Collected data entries:
____

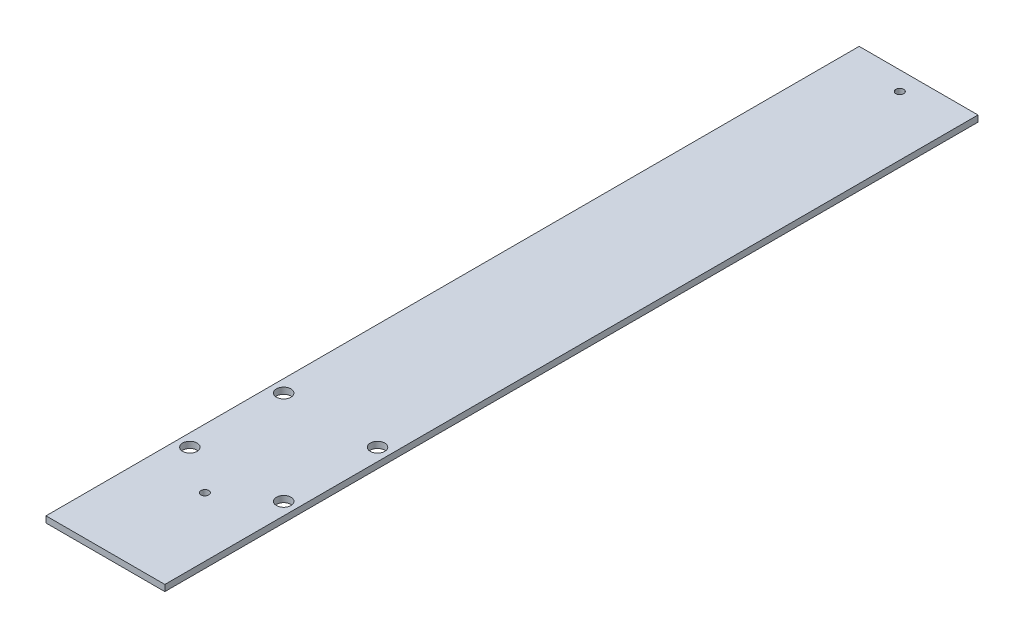
SolidWorks part; units mm, degrees
material "Alloy Steel"
ref_plane "Front" through (0, 0, 0) normal (0, 0, 1) x (1, 0, 0)
ref_plane "Top" through (0, 0, 0) normal (0, 1, 0) x (1, 0, 0)
ref_plane "Right" through (0, 0, 0) normal (1, 0, 0) x (0, 0, -1)
sketch "Sketch1" plane through (0, 0, 0) normal (0, 1, 0) x (1, 0, 0)
  line L1 (0, 0) -> (241.3, 0)
  line L2 (0, 0) -> (0, -1651)
  line L3 (0, -1651) -> (241.3, -1651)
  line L4 (241.3, 0) -> (241.3, -1651)
  dimension "D1" = 241.3
  dimension "D2" = 1651
extrude "Boss-Extrude1" add sketch "Sketch1" along normal blind 12.7
sketch "Sketch2" plane through (0, 12.7, 0) normal (0, 1, 0) x (1, 0, 0)
  line L0 (241.3, 0) -> (0, 0) construction
  line L1 (0, 0) -> (0, -1651) construction
  circle A0 centre (120.65, -38.1) radius 7.9375
  circle A1 centre (120.65, -1449.0573) radius 7.9375
  point P4 (0, 0)
  dimension "D1" = 15.875
  dimension "D2" = 15.875
  dimension "D3" = 1410.9573
  dimension "D4" = 38.1
  dimension "D5" = 120.65
extrude "Cut-Extrude1" cut sketch "Sketch2" against normal through all both and the other way through all
sketch "Sketch3" plane through (0, 0, 0) normal (0, -1, 0) x (1, 0, 0)
  circle A0 centre (215.9, 1193.8) radius 14.7295
  circle A1 centre (25.4, 1193.8) radius 14.7295
  circle A2 centre (25.4, 1384.3) radius 14.7295
  circle A3 centre (215.9, 1384.3) radius 14.7295
extrude "Cut-Extrude2" cut sketch "Sketch3" against normal through all

____

## Work request
Look through the records for the string "against". Copy every line that has it.

## Reply
extrude "Cut-Extrude1" cut sketch "Sketch2" against normal through all both and the other way through all
extrude "Cut-Extrude2" cut sketch "Sketch3" against normal through all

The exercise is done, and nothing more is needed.